***** AVAILABLE DATA *****

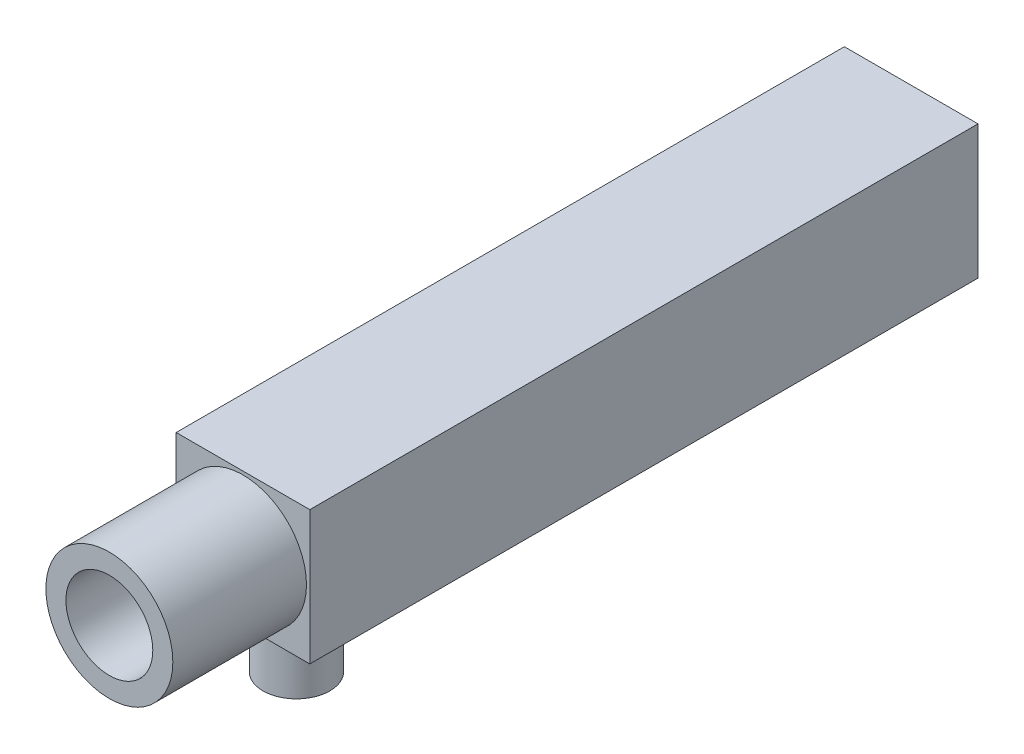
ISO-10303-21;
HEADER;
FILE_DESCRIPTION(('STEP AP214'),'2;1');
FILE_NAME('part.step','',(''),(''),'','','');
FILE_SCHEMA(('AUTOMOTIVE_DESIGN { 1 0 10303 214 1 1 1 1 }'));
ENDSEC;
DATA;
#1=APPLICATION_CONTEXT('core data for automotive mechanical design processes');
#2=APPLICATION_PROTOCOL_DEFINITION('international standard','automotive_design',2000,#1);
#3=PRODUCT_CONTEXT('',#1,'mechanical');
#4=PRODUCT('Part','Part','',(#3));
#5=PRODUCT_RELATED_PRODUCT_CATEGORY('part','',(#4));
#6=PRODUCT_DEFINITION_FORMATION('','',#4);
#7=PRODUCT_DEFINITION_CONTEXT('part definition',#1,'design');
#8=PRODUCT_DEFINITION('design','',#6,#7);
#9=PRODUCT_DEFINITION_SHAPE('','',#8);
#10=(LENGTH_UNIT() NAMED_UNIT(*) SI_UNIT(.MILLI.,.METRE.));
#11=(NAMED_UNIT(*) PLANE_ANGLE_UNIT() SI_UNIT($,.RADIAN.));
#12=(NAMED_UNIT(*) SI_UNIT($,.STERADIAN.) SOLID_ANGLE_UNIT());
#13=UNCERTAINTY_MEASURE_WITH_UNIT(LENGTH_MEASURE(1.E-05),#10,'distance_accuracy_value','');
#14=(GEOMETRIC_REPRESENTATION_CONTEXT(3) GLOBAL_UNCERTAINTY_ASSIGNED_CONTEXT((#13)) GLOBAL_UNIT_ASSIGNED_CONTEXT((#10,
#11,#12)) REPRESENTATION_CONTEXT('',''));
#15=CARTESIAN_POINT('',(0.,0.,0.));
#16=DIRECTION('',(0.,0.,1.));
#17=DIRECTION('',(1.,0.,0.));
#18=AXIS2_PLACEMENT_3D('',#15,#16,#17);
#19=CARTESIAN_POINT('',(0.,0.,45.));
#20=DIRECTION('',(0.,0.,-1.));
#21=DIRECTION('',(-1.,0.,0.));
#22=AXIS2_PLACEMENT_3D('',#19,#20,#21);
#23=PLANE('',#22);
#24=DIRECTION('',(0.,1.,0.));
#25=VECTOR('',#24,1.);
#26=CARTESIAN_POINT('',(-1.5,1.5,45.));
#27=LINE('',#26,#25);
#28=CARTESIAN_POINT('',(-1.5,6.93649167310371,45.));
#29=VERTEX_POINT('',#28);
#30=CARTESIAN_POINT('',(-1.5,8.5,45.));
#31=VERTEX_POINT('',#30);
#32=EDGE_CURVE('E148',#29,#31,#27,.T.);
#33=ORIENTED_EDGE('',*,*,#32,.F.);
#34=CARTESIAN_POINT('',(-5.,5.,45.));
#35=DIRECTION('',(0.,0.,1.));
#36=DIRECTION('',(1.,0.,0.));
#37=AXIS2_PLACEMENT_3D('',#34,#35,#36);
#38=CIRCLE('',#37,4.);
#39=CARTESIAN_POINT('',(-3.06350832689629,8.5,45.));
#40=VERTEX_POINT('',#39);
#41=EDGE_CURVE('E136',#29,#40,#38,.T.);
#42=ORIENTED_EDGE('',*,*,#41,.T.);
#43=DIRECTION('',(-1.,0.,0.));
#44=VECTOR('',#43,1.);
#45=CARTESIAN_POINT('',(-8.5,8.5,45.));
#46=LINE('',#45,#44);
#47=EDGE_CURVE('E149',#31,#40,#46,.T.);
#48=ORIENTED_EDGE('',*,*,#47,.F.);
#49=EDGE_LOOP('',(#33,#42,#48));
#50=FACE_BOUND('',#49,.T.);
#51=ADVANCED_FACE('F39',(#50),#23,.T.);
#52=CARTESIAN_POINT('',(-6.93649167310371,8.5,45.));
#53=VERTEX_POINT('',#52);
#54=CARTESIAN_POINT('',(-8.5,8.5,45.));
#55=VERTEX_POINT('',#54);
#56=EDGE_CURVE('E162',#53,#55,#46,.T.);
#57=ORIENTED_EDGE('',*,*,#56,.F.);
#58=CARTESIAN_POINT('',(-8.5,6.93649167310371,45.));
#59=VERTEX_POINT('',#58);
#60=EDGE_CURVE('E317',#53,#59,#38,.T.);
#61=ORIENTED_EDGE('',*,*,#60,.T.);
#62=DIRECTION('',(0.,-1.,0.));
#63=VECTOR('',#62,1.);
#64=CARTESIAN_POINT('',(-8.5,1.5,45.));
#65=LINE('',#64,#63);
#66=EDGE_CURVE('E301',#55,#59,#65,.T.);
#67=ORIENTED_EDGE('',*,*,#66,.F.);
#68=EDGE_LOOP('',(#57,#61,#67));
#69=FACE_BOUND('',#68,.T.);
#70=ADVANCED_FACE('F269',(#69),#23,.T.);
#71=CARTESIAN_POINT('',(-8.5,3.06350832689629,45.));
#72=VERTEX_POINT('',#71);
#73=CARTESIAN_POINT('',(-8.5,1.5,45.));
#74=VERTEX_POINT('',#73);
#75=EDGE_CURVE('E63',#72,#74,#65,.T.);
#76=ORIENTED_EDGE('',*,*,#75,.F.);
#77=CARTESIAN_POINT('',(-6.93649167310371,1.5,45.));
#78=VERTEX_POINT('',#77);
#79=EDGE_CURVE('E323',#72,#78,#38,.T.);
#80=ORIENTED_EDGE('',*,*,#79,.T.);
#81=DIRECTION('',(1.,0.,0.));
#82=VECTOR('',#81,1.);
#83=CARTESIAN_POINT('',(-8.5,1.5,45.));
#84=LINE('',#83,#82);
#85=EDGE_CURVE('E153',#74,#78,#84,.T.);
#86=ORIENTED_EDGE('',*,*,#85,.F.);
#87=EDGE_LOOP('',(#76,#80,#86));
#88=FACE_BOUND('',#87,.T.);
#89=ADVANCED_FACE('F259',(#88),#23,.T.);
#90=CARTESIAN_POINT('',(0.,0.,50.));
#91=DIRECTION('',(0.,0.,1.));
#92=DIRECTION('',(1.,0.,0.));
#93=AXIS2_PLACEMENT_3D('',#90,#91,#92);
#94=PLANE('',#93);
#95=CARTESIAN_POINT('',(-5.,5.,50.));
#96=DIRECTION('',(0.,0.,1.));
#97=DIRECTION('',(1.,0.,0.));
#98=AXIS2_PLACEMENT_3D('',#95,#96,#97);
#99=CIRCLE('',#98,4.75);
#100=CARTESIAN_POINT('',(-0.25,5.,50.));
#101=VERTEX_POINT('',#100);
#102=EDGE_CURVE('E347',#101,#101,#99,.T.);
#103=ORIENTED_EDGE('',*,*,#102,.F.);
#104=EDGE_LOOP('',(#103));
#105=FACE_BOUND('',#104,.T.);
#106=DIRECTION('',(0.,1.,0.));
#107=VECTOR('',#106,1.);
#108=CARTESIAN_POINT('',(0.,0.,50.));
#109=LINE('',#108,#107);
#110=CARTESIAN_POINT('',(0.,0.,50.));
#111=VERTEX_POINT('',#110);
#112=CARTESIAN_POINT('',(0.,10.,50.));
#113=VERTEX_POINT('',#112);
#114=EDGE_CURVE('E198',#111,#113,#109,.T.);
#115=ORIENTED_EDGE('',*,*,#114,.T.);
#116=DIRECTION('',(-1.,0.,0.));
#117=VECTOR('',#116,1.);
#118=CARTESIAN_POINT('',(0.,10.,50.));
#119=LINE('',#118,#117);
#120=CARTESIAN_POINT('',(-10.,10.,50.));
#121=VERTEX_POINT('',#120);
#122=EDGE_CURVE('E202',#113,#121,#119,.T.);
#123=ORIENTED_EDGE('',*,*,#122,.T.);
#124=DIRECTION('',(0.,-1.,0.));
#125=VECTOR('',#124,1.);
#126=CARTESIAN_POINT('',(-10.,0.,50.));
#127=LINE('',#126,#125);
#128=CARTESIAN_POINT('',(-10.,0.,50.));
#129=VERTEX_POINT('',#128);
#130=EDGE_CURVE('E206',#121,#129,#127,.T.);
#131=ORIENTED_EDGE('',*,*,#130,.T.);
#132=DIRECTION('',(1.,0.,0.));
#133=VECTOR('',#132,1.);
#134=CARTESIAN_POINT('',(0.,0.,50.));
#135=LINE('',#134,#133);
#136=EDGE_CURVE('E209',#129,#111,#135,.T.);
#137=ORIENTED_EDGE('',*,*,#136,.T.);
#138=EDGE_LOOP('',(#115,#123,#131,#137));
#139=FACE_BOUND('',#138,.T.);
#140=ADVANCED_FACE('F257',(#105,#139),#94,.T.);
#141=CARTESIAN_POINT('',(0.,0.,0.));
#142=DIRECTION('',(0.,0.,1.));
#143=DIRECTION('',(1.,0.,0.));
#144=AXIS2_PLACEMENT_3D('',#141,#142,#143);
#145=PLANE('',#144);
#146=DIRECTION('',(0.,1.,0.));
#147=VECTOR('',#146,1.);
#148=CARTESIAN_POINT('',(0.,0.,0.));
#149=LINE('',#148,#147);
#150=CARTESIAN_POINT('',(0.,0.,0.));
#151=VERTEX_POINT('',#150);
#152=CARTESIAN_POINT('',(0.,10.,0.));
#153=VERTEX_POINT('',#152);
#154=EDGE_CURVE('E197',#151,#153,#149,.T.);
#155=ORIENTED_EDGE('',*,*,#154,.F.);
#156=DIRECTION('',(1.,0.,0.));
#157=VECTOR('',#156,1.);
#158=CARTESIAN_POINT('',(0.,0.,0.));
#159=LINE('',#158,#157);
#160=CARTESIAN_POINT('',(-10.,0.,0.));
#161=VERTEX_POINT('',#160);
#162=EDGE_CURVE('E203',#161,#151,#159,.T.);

*****

**WHAT YOU NEED TO DO**
All that belongs in your answer is the stretch of entries above from the line with "#41=EDGE_CURVE('E136',#29,#40,#38,.T.);" through the line with "#57=ORIENTED_EDGE('',*,*,#56,.F.);", printed exactly.

**EXPECTED ANSWER**
#41=EDGE_CURVE('E136',#29,#40,#38,.T.);
#42=ORIENTED_EDGE('',*,*,#41,.T.);
#43=DIRECTION('',(-1.,0.,0.));
#44=VECTOR('',#43,1.);
#45=CARTESIAN_POINT('',(-8.5,8.5,45.));
#46=LINE('',#45,#44);
#47=EDGE_CURVE('E149',#31,#40,#46,.T.);
#48=ORIENTED_EDGE('',*,*,#47,.F.);
#49=EDGE_LOOP('',(#33,#42,#48));
#50=FACE_BOUND('',#49,.T.);
#51=ADVANCED_FACE('F39',(#50),#23,.T.);
#52=CARTESIAN_POINT('',(-6.93649167310371,8.5,45.));
#53=VERTEX_POINT('',#52);
#54=CARTESIAN_POINT('',(-8.5,8.5,45.));
#55=VERTEX_POINT('',#54);
#56=EDGE_CURVE('E162',#53,#55,#46,.T.);
#57=ORIENTED_EDGE('',*,*,#56,.F.);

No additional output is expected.